HOW TO COMPLETE THIS TASK. Below are records; reply with nothing but the number of lines in them that contain "designed".

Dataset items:

-=-=-

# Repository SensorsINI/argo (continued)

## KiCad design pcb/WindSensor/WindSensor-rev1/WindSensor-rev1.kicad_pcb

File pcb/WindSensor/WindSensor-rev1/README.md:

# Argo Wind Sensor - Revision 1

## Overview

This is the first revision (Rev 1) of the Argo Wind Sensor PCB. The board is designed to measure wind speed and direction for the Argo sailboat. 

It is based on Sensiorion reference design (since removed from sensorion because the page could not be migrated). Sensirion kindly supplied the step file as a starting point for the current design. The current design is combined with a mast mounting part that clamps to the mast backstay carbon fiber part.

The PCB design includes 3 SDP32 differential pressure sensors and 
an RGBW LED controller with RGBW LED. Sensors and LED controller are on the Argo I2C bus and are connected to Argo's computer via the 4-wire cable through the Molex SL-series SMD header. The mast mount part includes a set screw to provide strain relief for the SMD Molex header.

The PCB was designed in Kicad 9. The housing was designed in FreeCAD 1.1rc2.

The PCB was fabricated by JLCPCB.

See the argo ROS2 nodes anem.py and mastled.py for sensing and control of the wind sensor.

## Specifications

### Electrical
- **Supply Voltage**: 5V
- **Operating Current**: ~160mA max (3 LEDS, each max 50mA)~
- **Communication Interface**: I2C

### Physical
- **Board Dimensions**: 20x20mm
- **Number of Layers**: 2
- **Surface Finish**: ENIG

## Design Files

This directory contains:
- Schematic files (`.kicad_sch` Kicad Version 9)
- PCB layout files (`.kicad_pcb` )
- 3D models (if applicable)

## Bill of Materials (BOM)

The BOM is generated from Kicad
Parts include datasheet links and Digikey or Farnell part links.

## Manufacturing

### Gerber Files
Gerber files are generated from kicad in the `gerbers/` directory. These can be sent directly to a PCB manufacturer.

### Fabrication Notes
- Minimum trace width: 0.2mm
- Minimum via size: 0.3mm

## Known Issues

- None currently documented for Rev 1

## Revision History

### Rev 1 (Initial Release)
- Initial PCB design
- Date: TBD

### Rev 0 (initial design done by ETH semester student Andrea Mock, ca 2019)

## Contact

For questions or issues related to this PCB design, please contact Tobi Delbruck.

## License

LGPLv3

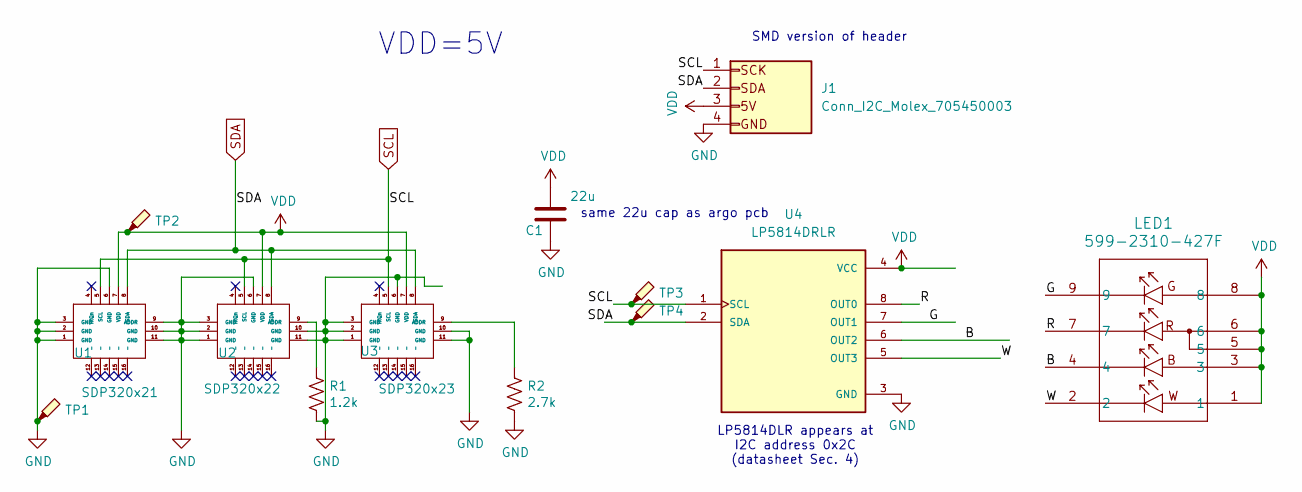
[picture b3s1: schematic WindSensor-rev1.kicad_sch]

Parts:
C1: 22u; C_1210_3225Metric_Pad1.33x2.70mm_HandSolder
J1: Conn_I2C_Molex_705450003; CONN_SD-74099-1000_04_MOL
LED1: 599-2310-427F; 599-2310_DIA_hand_solder
R1: 1.2k; R_0603_1608Metric_Pad0.98x0.95mm_HandSolder
R2: 2.7k; R_0603_1608Metric_Pad0.98x0.95mm_HandSolder
TP1, TP2, TP3, TP4: TestPoint_Probe_autonamed; TestPoint_scope_probe_autonamed
U1: SDP320x21; SDP32
U2: SDP320x22; SDP32
U3: SDP320x23; SDP32
U4: LP5814DRLR; IC_LP5814DRLR_hand_solder; PARTREV MARCH 2025; DigiKey_Part_Number 296-LP5814DRLRCT-ND

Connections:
/B: LED1.4, U4.6 (OUT2)
/G: LED1.9, U4.7 (OUT1)
/R: LED1.7, U4.8 (OUT0)
/W: LED1.2, U4.5 (OUT3)
GND: C1.1, J1.4 (GND), R1.2, R2.2, TP1.1, U1.1 (GND), U1.2 (GND), U1.3 (GND), U1.6 (GND), U1.9 (ADDR), U1.10 (GND), U1.11 (GND), U1.17 (GND), U1.18 (GND), U2.1 (GND), U2.2 (GND), U2.3 (GND), U2.6 (GND), U2.10 (GND), U2.11 (GND), U2.17 (GND), U2.18 (GND), U3.1 (GND), U3.2 (GND), U3.3 (GND), U3.6 (GND), U3.10 (GND), U3.11 (GND), U3.17 (GND), U3.18 (GND), U4.3 (GND)
unnamed: R1.1, U2.9 (ADDR)
unnamed: R2.1, U3.9 (ADDR)
SCL: J1.1 (SCLK), TP3.1, U1.5 (SCL), U2.5 (SCL), U3.5 (SCL), U4.1 (SCL)
SDA: J1.2 (SDA), TP4.1, U1.8 (SDA), U2.8 (SDA), U3.8 (SDA), U4.2 (SDA)
VDD: C1.2, J1.3 (5V), LED1.1, LED1.3, LED1.5, LED1.6, LED1.8, TP2.1, U1.7 (VDD), U2.7 (VDD), U3.7 (VDD), U4.4 (VCC)

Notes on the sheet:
VDD=5V
same 22u cap as argo pcb
LP5814DLR appears at I2C address 0x2C (datasheet Sec. 4)
SMD version of header

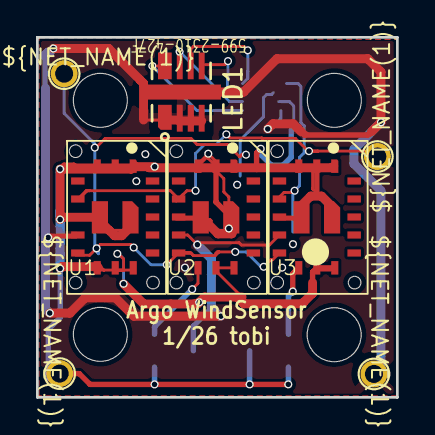
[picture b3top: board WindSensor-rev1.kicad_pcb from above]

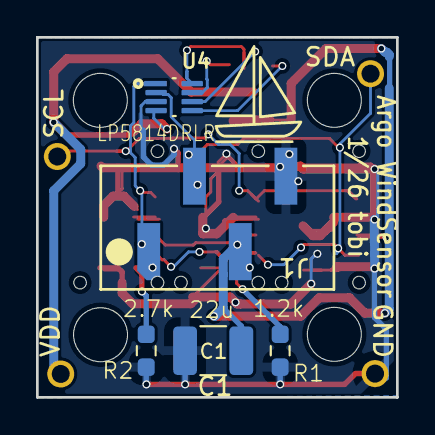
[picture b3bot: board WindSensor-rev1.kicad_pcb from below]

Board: 2 copper layers, 20.0 x 20.0 mm, 17 parts (5 on the bottom side), 10 nets.

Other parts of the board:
H1, H2, H3, H4: (no value)

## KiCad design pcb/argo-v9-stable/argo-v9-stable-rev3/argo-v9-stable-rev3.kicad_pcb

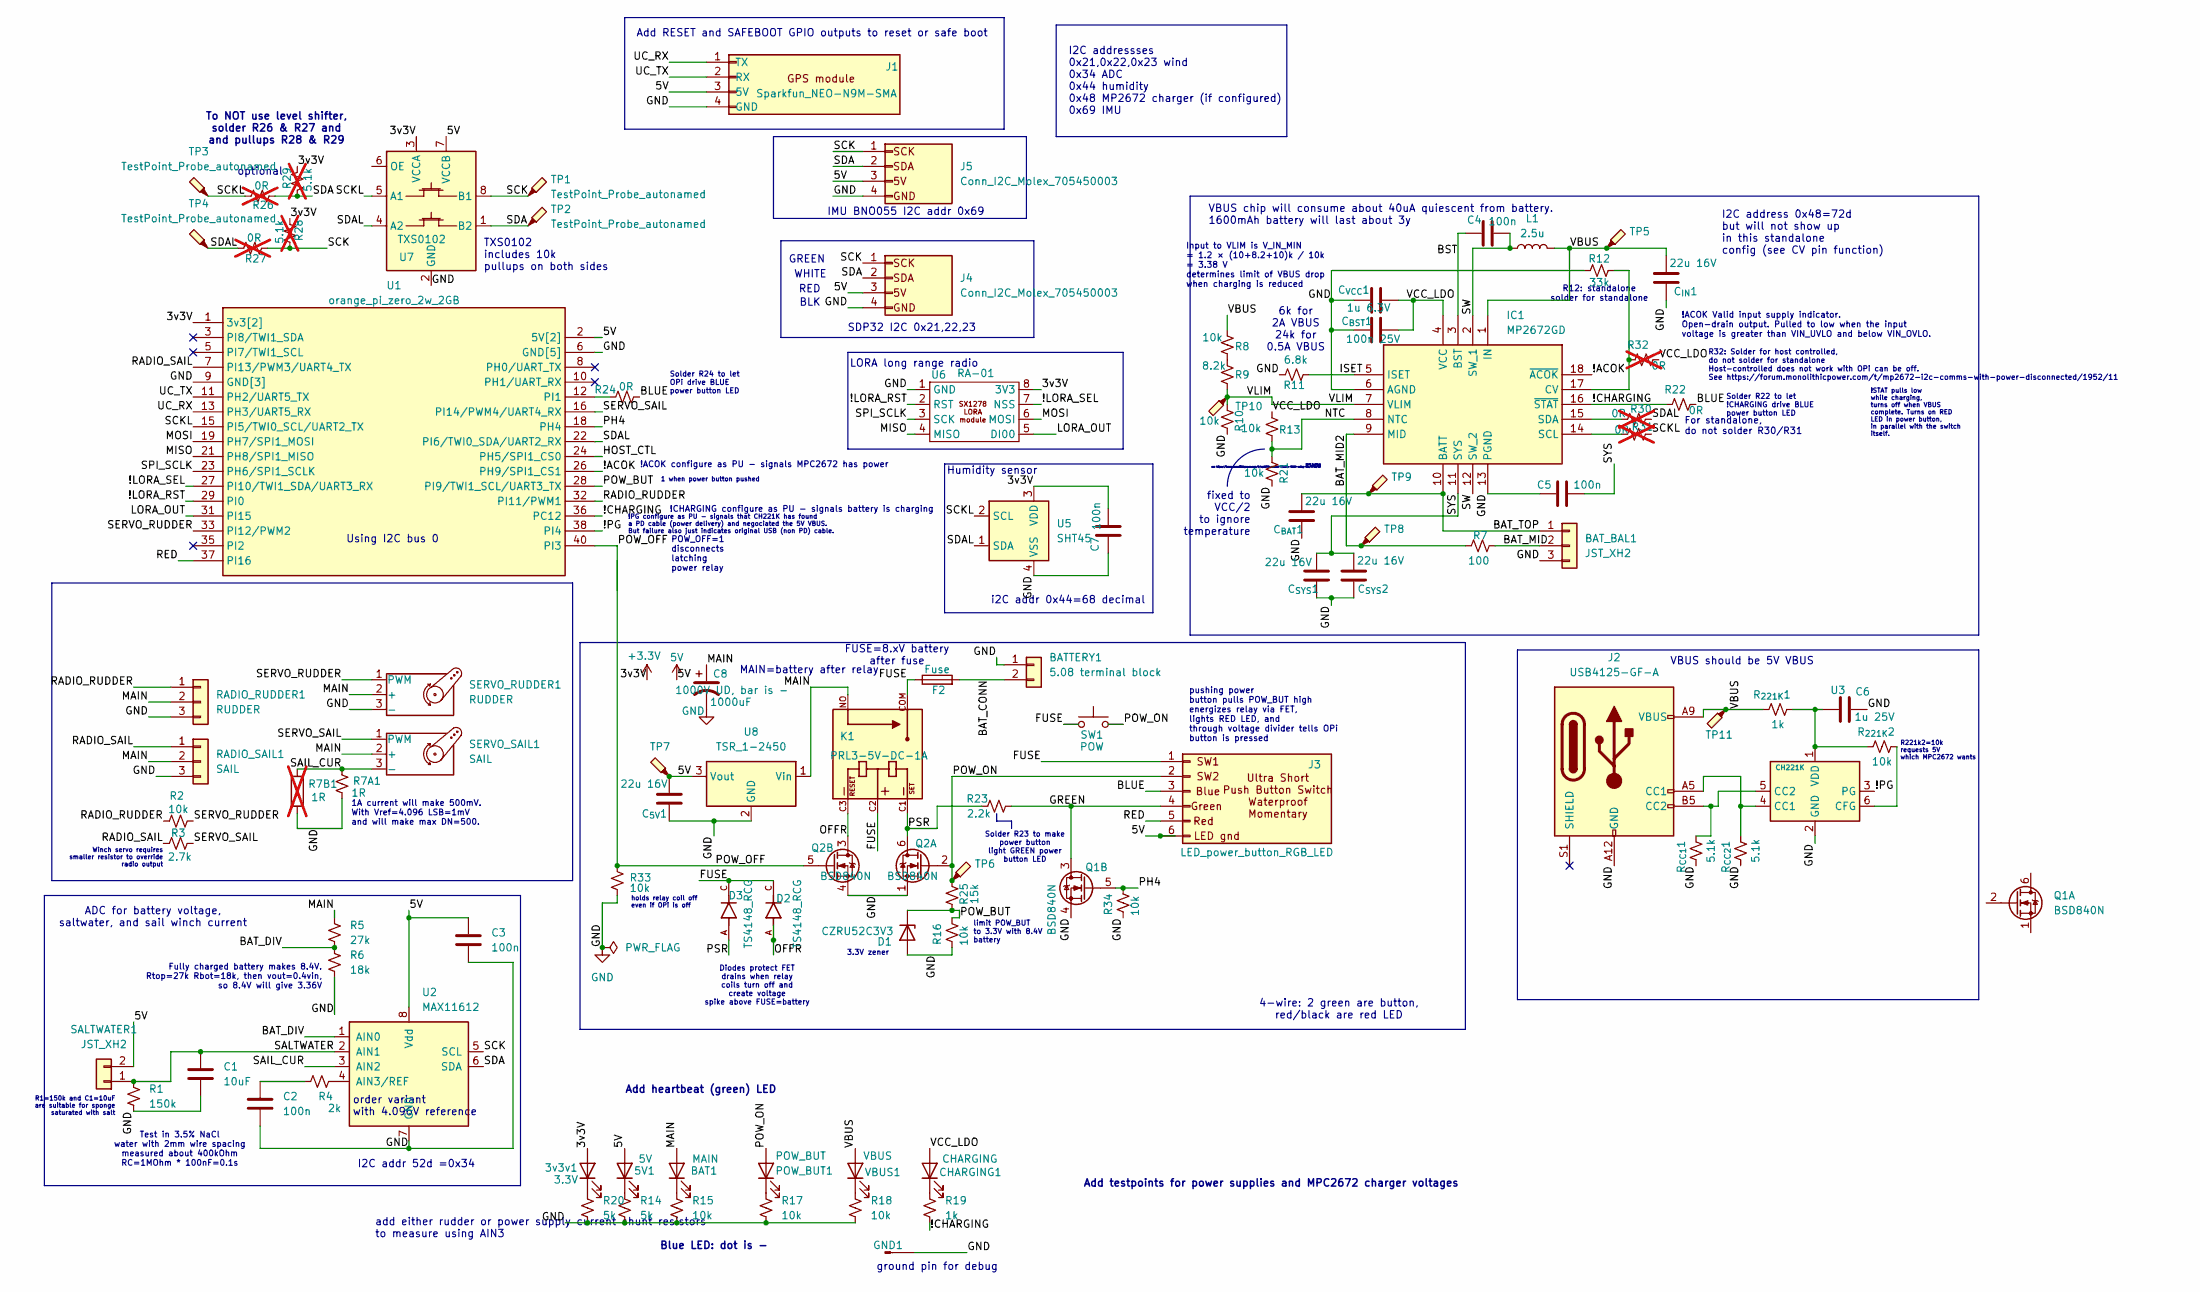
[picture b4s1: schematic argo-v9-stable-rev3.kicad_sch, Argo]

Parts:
3v3v1: 3.3V; LED_0603_1608Metric_Pad1.05x0.95mm_HandSolder
5V1: 5V; LED_0603_1608Metric_Pad1.05x0.95mm_HandSolder
BAT1: MAIN; LED_0603_1608Metric_Pad1.05x0.95mm_HandSolder
BATTERY1: 5.08 terminal block; TerminalBlock_Phoenix_MKDS-1,5-2-5.08_1x02_P5.08mm_Horizont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
BAT_BAL1: JST_XH2; JST_XH_S3B-XH-A-1_1x03_P2.50mm_Horizontal
C1: 10uF; C_0603_1608Metric_Pad1.08x0.95mm_HandSolder
C2, C3, C4, C5, C7: 100n; C_0603_1608Metric_Pad1.08x0.95mm_HandSolder
C6: 1u 25V; C_0603_1608Metric_Pad1.08x0.95mm_HandSolder
C8: 1000uF; PCAP_10x10-ELECT_NCA; digikey have 4 in lab
CHARGING1: CHARGING; LED_0603_1608Metric_Pad1.05x0.95mm_HandSolder
C_{5V}1: 22u 16V; C_1210_3225Metric_Pad1.33x2.70mm_HandSolder
C_{BAT}1: 22u 16V; C_1210_3225Metric_Pad1.33x2.70mm_HandSolder
C_{BST}1: 100n 25V; C_0603_1608Metric_Pad1.08x0.95mm_HandSolder
C_{IN}1: 22u 16V; C_1210_3225Metric_Pad1.33x2.70mm_HandSolder
C_{SYS}1, C_{SYS}2: 22u 16V; C_1210_3225Metric_Pad1.33x2.70mm_HandSolder
C_{VCC}1: 1u 6.3V; C_0603_1608Metric_Pad1.08x0.95mm_HandSolder
D1: CZRU52C3V3; D_0603_1608Metric_hand_solder
D2, D3: TS4148_RCG; DIO_TS4148_RCG; PARTREV A2301
F2: Fuse; Fuse_Smd- Nano SMF AliExp
GND1: Conn_01x01_Pin; Pin_D1.0mm_L10.0mm_LooseFit
IC1: MP2672GD; QFN40P200X300X100-18N-D-handsolder; Manufacturer_Part_Number MP2672GD-0000
J1: Sparkfun_NEO-N9M-SMA; Sparkfun_NEO-M9N-SMA
J2: USB4125-GF-A; USB_C_Receptacle_GCT_USB4125-xx-x-0190_6P_TopMnt_Horizontal
J3: LED_power_button_RGB_LED; JST_XH_S6B-XH-A_1x06_P2.50mm_Horizontal
J4, J5: Conn_I2C_Molex_705450003; I2C_header
K1: PRL3-5V-DC-1A; RELAY_PRL3-5V-DC-1A; PARTREV 1.0
L1: 2.5u; L_Aliexpress_2.5uH
POW_BUT1: POW_BUT; LED_0603_1608Metric_Pad1.05x0.95mm_HandSolder
Q1: BSD840N; SOT-363_SC-70-6
Q2: BSD840N; SOT-363_SC-70-6-handsolder
R1: 150k; R_0603_1608Metric_Pad0.98x0.95mm_HandSolder
R2, R8, R10, R13, R15, R16, R17, R18, R21, R33, R34: 10k; R_0603_1608Metric_Pad0.98x0.95mm_HandSolder
R3: 2.7k; R_0603_1608Metric_Pad0.98x0.95mm_HandSolder
R4: 2k; R_0603_1608Metric_Pad0.98x0.95mm_HandSolder
R5: 27k; R_0603_1608Metric_Pad0.98x0.95mm_HandSolder
R6: 18k; R_0603_1608Metric_Pad0.98x0.95mm_HandSolder
R7: 100; R_0603_1608Metric_Pad0.98x0.95mm_HandSolder
R7A1: 1R; R_0603_1608Metric_Pad0.98x0.95mm_HandSolder
R7B1: 1R; R_Axial_DIN0204_L3.6mm_D1.6mm_P2.54mm_Vertical; not fitted
R9: 8.2k; R_0603_1608Metric_Pad0.98x0.95mm_HandSolder
R11: 6.8k; R_0603_1608Metric_Pad0.98x0.95mm_HandSolder
R12: 33k; R_0603_1608Metric_Pad0.98x0.95mm_HandSolder
R14, R20: 5k; R_0603_1608Metric_Pad0.98x0.95mm_HandSolder
R19: 1k; R_0603_1608Metric_Pad0.98x0.95mm_HandSolder
R22, R24: 0R; R_0603_1608Metric_Pad0.98x0.95mm_HandSolder
R23: 2.2k; R_0603_1608Metric_Pad0.98x0.95mm_HandSolder
R25: 15k; R_0603_1608Metric_Pad0.98x0.95mm_HandSolder
R26, R27, R30, R31, R32: 0R; R_0603_1608Metric_Pad0.98x0.95mm_HandSolder; not fitted
R28, R29: 5.1k; R_0603_1608Metric_Pad0.98x0.95mm_HandSolder; not fitted
RADIO_RUDDER1: RUDDER; PinHeader_1x03_P2.54mm_Vertical
RADIO_SAIL1: SAIL; PinHeader_1x03_P2.54mm_Vertical
R_{221K}1: 1k; R_0603_1608Metric_Pad0.98x0.95mm_HandSolder
R_{221K}2: 10k; R_0603_1608Metric_Pad0.98x0.95mm_HandSolder
R_{CC1}1, R_{CC2}1: 5.1k; R_0603_1608Metric_Pad0.98x0.95mm_HandSolder
SALTWATER1: JST_XH2; JST_XH_S2B-XH-A_1x02_P2.50mm_Horizontal
SERVO_RUDDER1: RUDDER; PinHeader_1x03_P2.54mm_Vertical
SERVO_SAIL1: SAIL; PinHeader_1x03_P2.54mm_Vertical
SW1: POW; SW_Tactile_SPST_NO_Straight_CK_PTS636Sx25SMTRLFS
TP1, TP2, TP3, TP4, TP5, TP6, TP7, TP8, TP9, TP10, TP11: TestPoint_Probe_autonamed; TestPoint_scope_probe_autonamed
U1: orange_pi_zero_2w_2GB; orange_pi_zero_2w_butted
U2: MAX11612; MSOP-8_3x3mm_P0.65mm
U3: CH221K; TSOT-23-6_HandSoldering
U5: SHT45; Sensirion_DFN-4_1.5x1.5mm_P0.8mm_SHT4x_NoCentralPad-handsol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
U6: RA-01; RA-01 SX1278 LORA
U7: TXS0102; SSOP-8_2.95x2.8mm_P0.65mm
U8: TSR_1-2450; Converter_DCDC_TRACO_TSR1-xxxxE_THT
VBUS1: VBUS; LED_0603_1608Metric_Pad1.05x0.95mm_HandSolder

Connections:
5V: 5V1.2 (A), C3.1, C_{5V}1.2, J1.3 (5V), J3.6, J4.3 (5V), J5.3 (5V), SALTWATER1.2, TP7.1, U1.2 (5V[2]), U1.4 (5V[2]), U2.8 (Vdd), U7.7 (VCCB), U8.3 (Vout)
+3.3V: 3v3v1.2 (A), C7.2, R28.2, R29.2, U1.1 (3v3[2]), U1.17 (3v3[2]), U5.3 (VDD), U6.8 (3V3), U7.3 (VCCA)
/!ACOK: IC1.18 (~ACOK), U1.26 (PH9/SPI1_CS1)
/!CHARGING: IC1.16 (~STAT), R19.2, R22.1, U1.36 (PC12)
/!LORA_RST: U1.29 (PI0), U6.2 (RST)
/!LORA_SEL: U1.27 (PI10/TWI1_SDA/UART3_RX), U6.7 (NSS)
/!PG: U1.38 (PI4), U3.3 (PG)
/BAT_CONN: BATTERY1.2, F2.2
/BAT_DIV: R5.2, R6.1, U2.1 (AIN0)
/BAT_MID: BAT_BAL1.2, R7.1
/BAT_MID2: IC1.9 (MID), R7.2, TP8.1
/BAT_TOP: BAT_BAL1.1, C_{BAT}1.2, IC1.10 (BATT), TP9.1
/BLUE: J3.3, R22.2, R24.2
/BST: C4.1, IC1.3 (BST)
/FUSE: D2.C, D3.C, F2.1, J3.1, K1.C2, K1.COM, SW1.1
/GREEN: J3.4, Q1.3 (D), R23.2
/HOST_CTL: U1.24 (PH5/SPI1_CS0)
/LORA_OUT: U1.31 (PI15), U6.5 (DI00)
/MAIN: BAT1.2 (A), C8.1, K1.NO, R5.1, RADIO_RUDDER1.2, RADIO_SAIL1.2, SERVO_RUDDER1.2 (+), SERVO_SAIL1.2 (+), U8.1 (Vin)
/MISO: U1.21 (PH8/SPI1_MISO), U6.4 (MISO)
/MOSI: U1.19 (PH7/SPI1_MOSI), U6.6 (MOSI)
/OFFR: D2.A, K1.C3, Q2.3 (D)
/PH4: Q1.5 (G), R34.2, U1.18 (PH4)
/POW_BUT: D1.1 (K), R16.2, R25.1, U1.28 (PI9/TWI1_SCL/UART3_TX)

-=-=-

SOLUTION TO THIS PROBLEM. 2